The scale of Shutterstock's operations have grown to the point where there is no monitoring solution that can just be dropped into place. "We're doing sophisticated data analysis against system metrics, so it's not just up or down," he says. "It's the standard deviation over time or specific windows. We're doing computationally intensive analysis on a real-time data stream, and to do that, there's not a ton of tools out there. The closest thing to do something like that are time-series databases, but they're very, very new."
In 2012, Fischer and his Shutterstock colleagues began exploring in-memory databases as a way to get the operational analytics they desired for their hyperscale IT infrastructure. They had heard of MemSQL, a scale-out, in-memory relational database designed for distributed applications. Fischer checked out some of MemSQL's competitors in what is colloquially called the NewSQL space, but in the end selected MemSQL, citing the maturity of the company's products and leadership.

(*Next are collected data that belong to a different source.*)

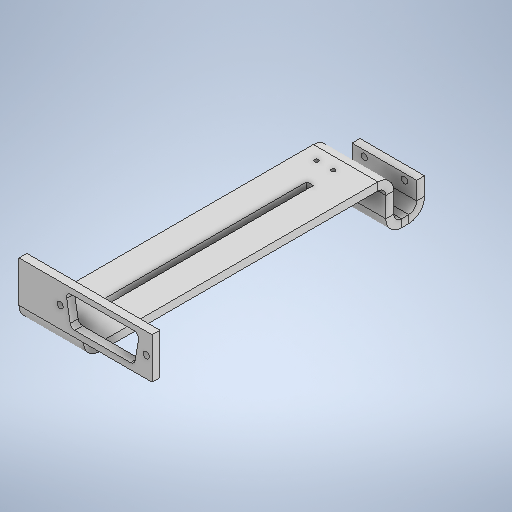
# Autodesk Inventor part: Blacha
Saved by Autodesk Inventor 2025.2 (Build 292293000, 293)
## iProperties
Created: 2025-04-10
Part Number: Blacha
Material: Generic
Document SubType Name: Sheet Metal
Designer: makst
Density: 1 g/cm^3
Sheet Metal Rule: Default
Appearance: Default
Author: makst
Autodesk Inventor part; units mm, degrees
ref_plane "YZ Plane" through (0, 0, 0) normal (1, 0, 0) x (0, 1, 0)
ref_plane "XZ Plane" through (0, 0, 0) normal (0, 1, 0) x (-1, 0, 0)
ref_plane "XY Plane" through (0, 0, 0) normal (0, 0, 1) x (1, 0, 0)
sketch "Sketch1" plane through (0, 0, 0) normal (0, 1, 0) x (-1, 0, 0)
  line L0 (0, 0) -> (0, -15)
  line L1 (0, -15) -> (25, -15)
  line L2 (25, -15) -> (25, 0)
  line L3 (25, 0) -> (0, 0)
  dimension "d0" = 15
  dimension "d2" = 25
  measures "d0" distance of L0.start L0.end
  measures "d2" distance of L0.end L1.end
extrude "Plate1" add sketch "Sketch1" along normal blind 3.048
sketch "Sketch2" plane through (-25, 0, -11.952) normal (0, 0, -1) x (-1, 0, 0)
  line L0 (-25, 0) -> (0, 0)
  line L1 (0, 0) -> (0, 23)
  line L2 (0, 23) -> (-25, 23)
  line L3 (-25, 23) -> (-25, 0)
  constraints: 6 end point, 1 horizontal, 1 perpendicular, 1 vertical
edge flange "Flange1" height 23 angle 90 thickness 3.048 bend radius 3.048 thickness toward (0, 0, -1) relief tear relief width 3.048 relief depth 1.524 edges at (-12.5, 3.048, -15) wall of the first edge with corners at (0, 0, -11.952) (-25, 0, -11.952) (-25, 23, -11.952) (0, 23, -11.952)
bend "Bend1"
corner "Corner1"
sketch "Sketch4" plane through (0, 23, -15) normal (0, 0, -1) x (-1, 0, 0)
  line L0 (0, -16.904) -> (25, -16.904) projected
  line L1 (0, -16.904) -> (0, 0) projected
  line L2 (25, 0) -> (25, -16.904) projected
  line L3 (12.5, -16.904) -> (12.5, -5.7009) construction
  point P0 (0, -23)
  point P1 (4.73, -12.2858)
  point P2 (20.27, -12.2858)
  dimension "d14" = 7.77
  dimension "d15" = 7.77
  constraints: 2 end point, 1 midpoint, 1 vertical
  measures "d14" distance from line of L3 point (4.73, -12.286)
  measures "d15" distance from line of point (20.27, -12.286) L3
hole "Hole1" at (-4.73, 10.7142, -15) at (-20.27, 10.7142, -15) direction (0, 0, 1) diameter 2.459 depth 4 thread size "M3x0.5" class "6H" standard "ISO Metric profile"
sketch "Sketch5" plane through (-25, 23, -11.952) normal (0, 0, 1) x (1, 0, 0)
  line L0 (25, 0) -> (0, 0) projected
  line L1 (0, 0) -> (0, -10)
  line L2 (0, 0) -> (0, -16.904) projected
  line L3 (0, -10) -> (25, -10)
  line L4 (25, -16.904) -> (25, 0) projected
  line L5 (25, 0) -> (0, 0)
  point P0 (25, -23)
  dimension "d23" = 10
  constraints: 6 end point, 2 point on line, 1 parallel, 1 perpendicular
  measures "d23" distance of L0.end L1.end
extrude "Extrusion1" cut sketch "Sketch5" against normal blind 10
sketch "Sketch7" plane through (0, 0, -3.048) normal (0, 0, 1) x (1, 0, 0)
  line L0 (-25, 0) -> (0, 0)
  line L1 (0, 0) -> (0, 20)
  line L2 (0, 20) -> (-25, 20)
  line L3 (-25, 20) -> (-25, 0)
  constraints: 6 end point, 1 horizontal, 1 perpendicular, 1 vertical
edge flange "Flange2" height 20 angle 90 thickness 3.048 bend radius 3.048 thickness toward (0, 0, 1) relief tear relief width 3.048 relief depth 1.524 edges at (-12.5, 3.048, 0) wall of the first edge with corners at (-25, 0, -3.048) (0, 0, -3.048) (0, 20, -3.048) (-25, 20, -3.048)
bend "Bend2"
corner "Corner2"
sketch "Sketch8" plane through (-25, 16.952, -3.048) normal (0, 1, 0) x (-1, 0, 0)
  line L0 (-25, 0) -> (0, 0)
  line L1 (0, 0) -> (0, 120)
  line L2 (0, 120) -> (-25, 120)
  line L3 (-25, 120) -> (-25, 0)
  constraints: 6 end point, 1 horizontal, 1 perpendicular, 1 vertical
edge flange "Flange3" height 120 angle 90 thickness 3.048 bend radius 3.048 thickness toward (0, 1, 0) relief tear relief width 3.048 relief depth 1.524 edges at (-12.5, 20, 0) wall of the first edge with corners at (0, 16.952, -3.048) (-25, 16.952, -3.048) (-25, 16.952, 116.952) (0, 16.952, 116.952)
bend "Bend3"
corner "Corner3"
sketch "Sketch9" plane through (-25, 20, 116.952) normal (0, 1, 0) x (1, 0, 0)
  line L0 (25, 113.904) -> (25, 0) projected
  line L1 (0, 0) -> (0, 113.904) projected
  line L2 (25, 0) -> (0, 0) projected
  line L3 (25, 113.904) -> (0, 113.904) projected
  line L4 (0, 113.904) -> (25, 113.904) projected
  line L5 (11.25, 18.904) -> (11.25, 98.904)
  line L6 (13.75, 18.904) -> (13.75, 98.904)
  line L7 (12.5, 98.904) -> (12.5, 97.654)
  line L8 (11.25, 18.904) -> (11.25, 17.654)
  line L9 (11.25, 17.654) -> (13.75, 17.654)
  line L10 (13.75, 17.654) -> (13.75, 18.904)
  line L11 (11.25, 98.904) -> (11.25, 100.154)
  line L12 (11.25, 100.154) -> (13.75, 100.154)
  line L13 (13.75, 100.154) -> (13.75, 98.904)
  point P0 (25, 116.952)
  dimension "d46" = 15
  constraints: 18 end point, 3 perpendicular, 1 coincident, 1 point on line, 1 vertical
  measures "d46" distance from line of L3 point (12.5, 98.904)
extrude "Extrusion2" cut sketch "Sketch9" against normal blind 10 contours L5 L11 L12 L13 L6 L10 L9 L8
sketch "Sketch10" plane through (-25, 16.952, 116.952) normal (0, -1, 0) x (1, 0, 0)
  line L0 (0, -113.904) -> (0, 0) projected
  line L1 (13.75, -100.154) -> (11.25, -100.154) projected
  line L2 (13.75, -100.154) -> (13.75, -58.904) construction
  line L3 (13.75, -100.154) -> (13.75, -17.654) projected
  line L4 (13.75, -58.904) -> (32.0073, -58.904) construction
  point P0 (25, -116.952)
  point P1 (12.5, -109.154)
  point P2 (6, -109.154)
  point P3 (12.5, -8.654)
  point P4 (6, -8.654)
  dimension "d52" = 12.5
  dimension "d53" = 9
  dimension "d54" = 6.5
  dimension "d62" = 41.25
  constraints: 4 end point, 2 symmetric about line, 1 horizontal, 1 midpoint
  measures "d52" distance from line of point (12.5, -109.154) L0
  measures "d53" distance from line of point (12.5, -109.154) L1
  measures "d54" distance of point (6, -109.154) point (12.5, -109.154)
  measures "d62" distance of L1.start L2.end
hole "Hole2" at (-12.5, 16.952, 7.798) at (-19, 16.952, 7.798) at (-19, 16.952, 108.298) at (-12.5, 16.952, 108.298) direction (0, 1, 0) diameter 1.567 depth 6.3 thread size "M2x0.4" class "6H" standard "ISO Metric profile"
sketch "Sketch12" plane through (0, 16.952, 113.904) normal (0, 0, 1) x (1, 0, 0)
  line L0 (-25, 0) -> (0, 0)
  line L1 (0, 0) -> (0, 22)
  line L2 (0, 22) -> (-25, 22)
  line L3 (-25, 22) -> (-25, 0)
  constraints: 6 end point, 1 horizontal, 1 perpendicular, 1 vertical
edge flange "Flange5" height 22 angle 90 thickness 3.048 bend radius 3.048 thickness toward (0, 0, 1) relief tear relief width 3.048 relief depth 1.524 edges at (-12.5, 20, 116.952) wall of the first edge with corners at (-25, 16.952, 113.904) (0, 16.952, 113.904) (0, 38.952, 113.904) (-25, 38.952, 113.904)
bend "Bend5"
corner "Corner5"
sketch "Sketch14" plane through (0, 38.952, 116.952) normal (1, 0, 0) x (0, 0, -1)
  line L0 (3.048, 0) -> (0, 0) projected
  line L1 (3.048, 0) -> (0, 0)
  line L2 (0, -15.904) -> (0, 0) projected
  line L3 (0, 0) -> (0, -15.904)
  line L4 (0, -15.904) -> (3.048, -15.904)
  line L5 (3.048, -15.904) -> (3.048, 0)
  point P0 (116.952, -38.952)
  constraints: 8 end point, 2 collinear, 2 perpendicular
extrude "Extrusion3" add sketch "Sketch14" along normal blind 26.5
sketch "Sketch15" plane through (-25, 23.048, 116.952) normal (0, 0, 1) x (1, 0, 0)
  line L0 (41.5674, 1.7998) -> (5.5756, 1.7998) projected
  arc A0 (41.5674, 1.7998) -> (43.1422, 3.3746) centre (41.5674, 3.3746) ccw projected
  line L1 (43.1422, 12.8234) -> (43.1422, 3.3746) projected
  arc A1 (43.1422, 12.8234) -> (41.5674, 14.3982) centre (41.5674, 12.8234) ccw projected
  line L2 (5.5756, 14.3982) -> (41.5674, 14.3982) projected
  arc A2 (5.5756, 14.3982) -> (4.0008, 12.8234) centre (5.5756, 12.8234) ccw projected
  line L3 (4.0008, 3.3746) -> (4.0008, 12.8234) projected
  arc A3 (4.0008, 3.3746) -> (5.5756, 1.7998) centre (5.5756, 3.3746) ccw projected
  circle A4 centre (6.9091, 8.099) radius 1.524 projected
  circle A5 centre (40.2339, 8.099) radius 1.524 projected
  circle A6 centre (40.2339, 8.099) radius 1.524
  line L4 (0, 0) -> (0, 15.904) projected
  point P0 (25, -23.048)
  point P1 (15.9091, 8.099)
  point P2 (49.2339, 7.9363)
  dimension "d98" = 9
  dimension "d99" = 9
  constraints: 2 coincident, 1 centre point, 1 concentric
  measures "d98" horizontal distance of point (49.234, 7.936) A5.centre
  measures "d99" distance of A4.centre point (15.909, 8.099)
hole "Hole3" at (15.2339, 31.147, 116.952) at (24.2339, 30.9843, 116.952) at (-9.0909, 31.147, 116.952) direction (0, 0, -1) diameter 2.459 depth 8.8 thread size "M3x0.5" class "6H" standard "ISO Metric profile"
sketch "Sketch16" plane through (-25, 23.048, 116.952) normal (0, 0, 1) x (1, 0, 0)
  line L0 (32.8661, 4.1493) -> (14.2769, 4.1493) projected
  arc A0 (32.8661, 4.1493) -> (35.3675, 6.2482) centre (32.8661, 6.6893) ccw projected
  line L1 (35.8646, 9.0676) -> (35.3675, 6.2482) projected
  arc A1 (35.8646, 9.0676) -> (33.3632, 12.0487) centre (33.3632, 9.5087) ccw projected
  line L2 (13.7798, 12.0487) -> (33.3632, 12.0487) projected
  line L3 (35.7475, 13.5981) -> (11.3955, 13.5981) projected
  arc A2 (37.2984, 11.7498) -> (35.7475, 13.5981) centre (35.7475, 12.0233) ccw projected
  line L4 (35.9145, 3.9012) -> (37.2984, 11.7498) projected
  arc A3 (34.3636, 2.5999) -> (35.9145, 3.9012) centre (34.3636, 4.1747) ccw projected
  line L5 (12.7794, 2.5999) -> (34.3636, 2.5999) projected
  arc A4 (11.2285, 3.9012) -> (12.7794, 2.5999) centre (12.7794, 4.1747) ccw projected
  line L6 (9.8691, 11.6109) -> (11.2285, 3.9012) projected
  arc A5 (11.3955, 13.5981) -> (9.8691, 11.6109) centre (11.3889, 12.0233) ccw projected
  line L7 (43.1636, 2.3999) -> (21.5794, 2.3999)
  arc A6 (19.8316, 3.8665) -> (21.5794, 2.3999) centre (21.5794, 4.1747) ccw
  line L8 (19.8316, 3.8665) -> (18.4737, 11.5675)
  arc A7 (20.1959, 13.7981) -> (18.4737, 11.5675) centre (20.1889, 12.0233) ccw
  line L9 (20.1959, 13.7981) -> (44.5475, 13.7981)
  arc A8 (46.2954, 11.7151) -> (44.5475, 13.7981) centre (44.5475, 12.0233) ccw
  line L10 (46.2954, 11.7151) -> (44.9115, 3.8665)
  arc A9 (43.1636, 2.3999) -> (44.9115, 3.8665) centre (43.1636, 4.1747) ccw
  point P0 (25, -23.048)
  point P1 (34.3636, 2.5999)
  point P2 (34.3636, 2.3999)
  point P3 (44.1636, 2.3999)
  point P4 (20.7609, 2.5999)
  point P5 (19.3704, 13.5981)
  point P6 (43.1636, 2.3999)
  point P7 (18.4143, 12.0487)
  point P8 (19.7817, 4.1493)
  dimension "d94" = 9
  constraints: 8 end point, 8 point on circle, 4 centre point
extrude "Extrusion4" cut sketch "Sketch16" against normal blind 22 contours A0 L1 A1 L2 A7 L3 A2 L4 A3 L5 A6 L8 L0 | L0 L8 A7 L2 A1 L1 A0 | L5 A3 L4 A2 L3 A7 L9 A8 L10 A9 L7 A6
equation "\"d3\" = Thickness"
equation "\"d4\" = BendReliefWidth"
equation "\"d5\" = BendReliefDepth"
equation "\"d6\" = MinimumRemnant"
equation "\"d7\" = TransitionRadius"
equation "\"d10\" = BendRadius"
equation "\"d11\" = CornerReliefSize"
equation "\"d12\" = GapSize"
equation "\"d13\" = JacobiRadiusSize"
equation "\"d26\" = BendReliefWidth"
equation "\"d27\" = BendReliefDepth"
equation "\"d28\" = MinimumRemnant"
equation "\"d29\" = TransitionRadius"
equation "\"d32\" = BendRadius"
equation "\"d33\" = CornerReliefSize"
equation "\"d34\" = GapSize"
equation "\"d35\" = JacobiRadiusSize"
equation "\"d36\" = BendReliefWidth"
equation "\"d37\" = BendReliefDepth"
equation "\"d38\" = MinimumRemnant"
equation "\"d39\" = TransitionRadius"
equation "\"d42\" = BendRadius"
equation "\"d43\" = CornerReliefSize"
equation "\"d44\" = GapSize"
equation "\"d45\" = JacobiRadiusSize"
equation "\"d73\" = BendReliefWidth"
equation "\"d74\" = BendReliefDepth"
equation "\"d75\" = MinimumRemnant"
equation "\"d76\" = TransitionRadius"
equation "\"d79\" = BendRadius"
equation "\"d80\" = CornerReliefSize"
equation "\"d81\" = GapSize"
equation "\"d82\" = JacobiRadiusSize"
equation "\"BendRadius\" = Thickness"
equation "\"BendReliefWidth\" = Thickness"
equation "\"BendReliefDepth\" = 0.5 * Thickness"
equation "\"CornerReliefSize\" = 4 * Thickness"
equation "\"MinimumRemnant\" = 2 * Thickness"
equation "\"TransitionRadius\" = BendRadius"
equation "\"JacobiRadiusSize\" = BendRadius"
equation "\"GapSize\" = Thickness"
equation "\"Thickness\" = 3.048"
body "Solid1"

Today Shutterstock runs a rack of sixteen MemSQL nodes, each equipped with 256 GB of memory. More than 20,000 data points continuously flow into the cluster, providing a second-by-second update of everything that matters to the operations desk: CPU, disk, and RAM utilization; inbound and outbound network traffic; concurrent user count and failed authorization attempts; pictures uploaded and downloaded; API utilization; and credit card transaction rates and revenue per minute.
The database continuously performs calculations and generates the operational metrics that Fischer and his team need to determine the health of Shutterstock's IT infrastructure. The company keeps all the data from the last month live in the MemSQL system, providing the company instant notification if any metric dips or rises compared to the same readings from a minute, hour, day, or month ago.
"The part that's hard to do in these systems is that you're calculating that for tens of thousands of metrics every single second," Fischer says. "You just can't do that on disk-based systems. You need something that's in-memory or highly tuned to be able to do that kind of computational math all the time."
Standard monitoring tools may be able to writes tens of thousands of data points to a log every second, but their capability to interpret the data in real-time is what limits their usefulness in hyperscale environments, explains MemSQL co-founder and CEO Eric Frenkiel.
"It's the query-ability factor," he says. "A lot of the traditional systems just do rote monitoring. They can only write. They can't read, which means you cannot do correlation analytics or trend analysis or run ad hoc queries."
In Shutterstock's case, this query-ability--via good old SQL--brings big benefits when monitoring an API for abuse. Shutterstock has a deal with Facebook, for example, that allows Facebook users to programmatically access its services.
"They want to catch spammers and people who are abusing the API, and they want to do it intelligently," Frenkiel says, "because if you ban people on the APIs without a positive match, you upset a potential customer and create dissatisfaction. With MemSQL they can monitor when the API is being abused and isolate it very quickly."
Shutterstock has done a lot of things to maintain a high level of uptime with its website and infrastructure, and MemSQL is just one part of that strategy. Just the same, it has been an important part, and one that lets the operations team sleep better at night.
"Anything we can do to make the website more resilient, more robust, faster, or show better visibility to our engineering teams of what's going wrong or what's going great--that's all driven by data and having the ability to look at that data in various ways is super important," Fischer says. "It makes my job easier."